Regular expressions participate in pattern matching through =~ and through regex arms in case expressions.

On a successful match, $1, $2, ... denote the corresponding parenthesized capture groups. Capture variables are scoped to the same statement as the regex literal that introduced the match.

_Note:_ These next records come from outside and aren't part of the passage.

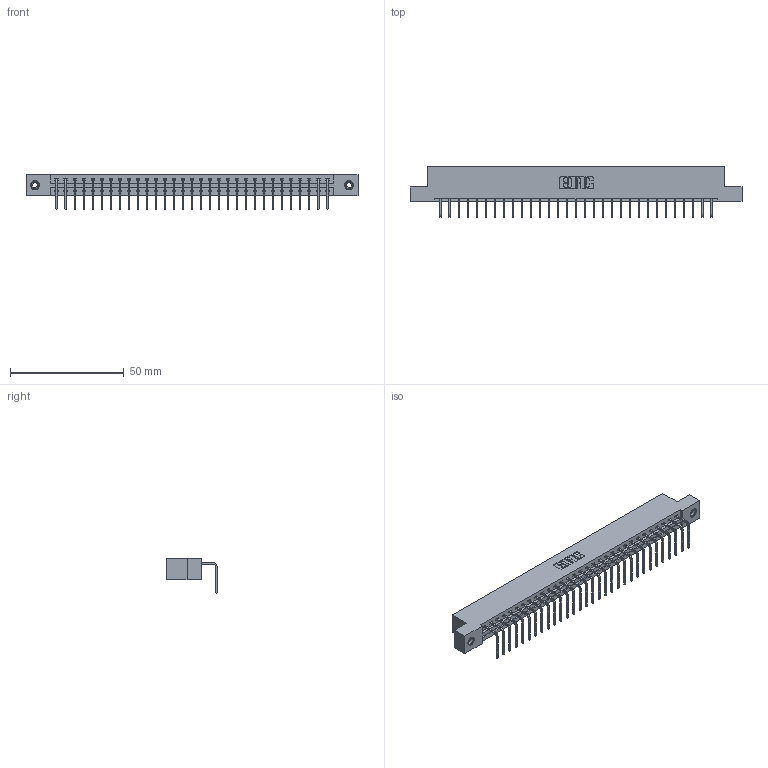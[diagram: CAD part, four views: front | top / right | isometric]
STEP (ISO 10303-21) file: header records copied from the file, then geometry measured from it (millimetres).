
FILE_DESCRIPTION (( 'STEP AP203' ), '1' );
FILE_NAME ('337-031-558-108.STEP', '2018-08-07T03:58:17', ( '' ), ( '' ), 'SwSTEP 2.0', 'SolidWorks 2016', '' );
FILE_SCHEMA (( 'CONFIG_CONTROL_DESIGN' ));
Length unit declared in the file: inch
Products named in the file (4): 337-031-558-108; 337 Part_Flush Mounting Lugs - 0.156 Dia-TI; 345-292-001_558 Tail - 2; 345-250-001_345-250-003-102
Assembly tree (34 placements, depth 2):
  337-031-558-108
    337 Part_Flush Mounting Lugs - 0.156 Dia-TI
    345-292-001_558 Tail - 2  x31
    345-250-001_345-250-003-102  x2
Bounding box: 145.85 x 22.17 x 15.37 mm (x, y, z)
Volume: 15117.4 mm3; surface area: 16224.8 mm2
Topology: 34 solids, 34 shells, 2158 faces, 6461 edges, 4258 vertices
Faces by surface type: plane 1590, cylinder 552, cone 12, torus 4
Entity records: 25736 total; most frequent: CARTESIAN_POINT 4462, ORIENTED_EDGE 4422, DIRECTION 3811, EDGE_CURVE 2211, VECTOR 2063, LINE 2063, VERTEX_POINT 1468, AXIS2_PLACEMENT_3D 874

A newline or semicolon ends the capture-variable lexical scope.

Examples:

if /^--(.+)=(.+)$/ =~ arg then [$1.to_sym, $2]

case arg
  /^--(.+)=(.+)$/ => [$1.to_sym, $2]

2.14 Collection literals

2.14.1 Tuples

Tungsten tuple literals are described by the following lexical definitions:

Tuple = "(" Expression { "," Expression } ")" .

2.14.2 Arrays

Tungsten array literals are described by the following lexical definitions:

Array = "[" Expression { "," Expression } "]" .

2.14.3 Hashes

Tungsten hash literals are described by the following lexical definitions:

Hash  = "{" Pair { "," Pair } "}" .
Pair  = Key ":" Expression | '"' Key '"' Space ":" Space Expression .
Key   = .
Space = " " { " " } .

Examples

hash = { one: 1, two: 2 }
hash = { "one" : 1, "two" : 2 }
hash = {
  one: 1
  two: 2
}

2.14.4 Sets

Set = "<(" Expression { "," Expression } ")>" .

2.14.5 Multisets

Multiset = "<{" Expression { "," Expression } "}>" .

2.14.6 Word and symbol arrays

Two percent-literal forms build arrays of short strings or symbols without quotes or commas. Only the [ ] delimiter is accepted, and elements are separated by whitespace (spaces, tabs, or newlines).

WordArray   = "%w[" { Whitespace Word } Whitespace "]" .
SymbolArray = "%i[" { Whitespace Word } Whitespace "]" .

%w[red green blue]     # => ["red", "green", "blue"]
%i[get post put]       # => [:get, :post, :put]

Multi-line forms are allowed, with newlines acting as separators. There is no escape mechanism, so an element cannot itself contain ].

2.15 Operators and delimiters

The following character sequences are operators and/or punctuation:

. , ; : .. ... … ` ! @ # $ ? + - * / % ** // %% ^^ -- ++ ~~ && || ~ & | ^ <- -> => #-> #->>
= == === !== != ≠ =~ !~ !~~ < > <= >= ≤ ≥ <=> += -= /= *= %= ^= &= |= ~= &&= ||=
{ } ( ) [ ] << >> <" "> <[ ]> <( )>
→ ←

Certain symbols serve more than one purpose in the grammar.

The augmented assignment operators, serve lexically as delimiters, but also perform an operation.

Any printing ASCII character not listed above as an operator, delimiter, or literal introducer is unused by Tungsten; its occurrence outside string literals and comments is an error.

A physical line is a sequence of characters terminated by an end-of-line sequence. In source files, any of the standard platform line termination sequences can be used – Unix (LF), Windows (CR LF), or the old Macintosh (CR). All line termination sequences can be used interchangeably, regardless of platform.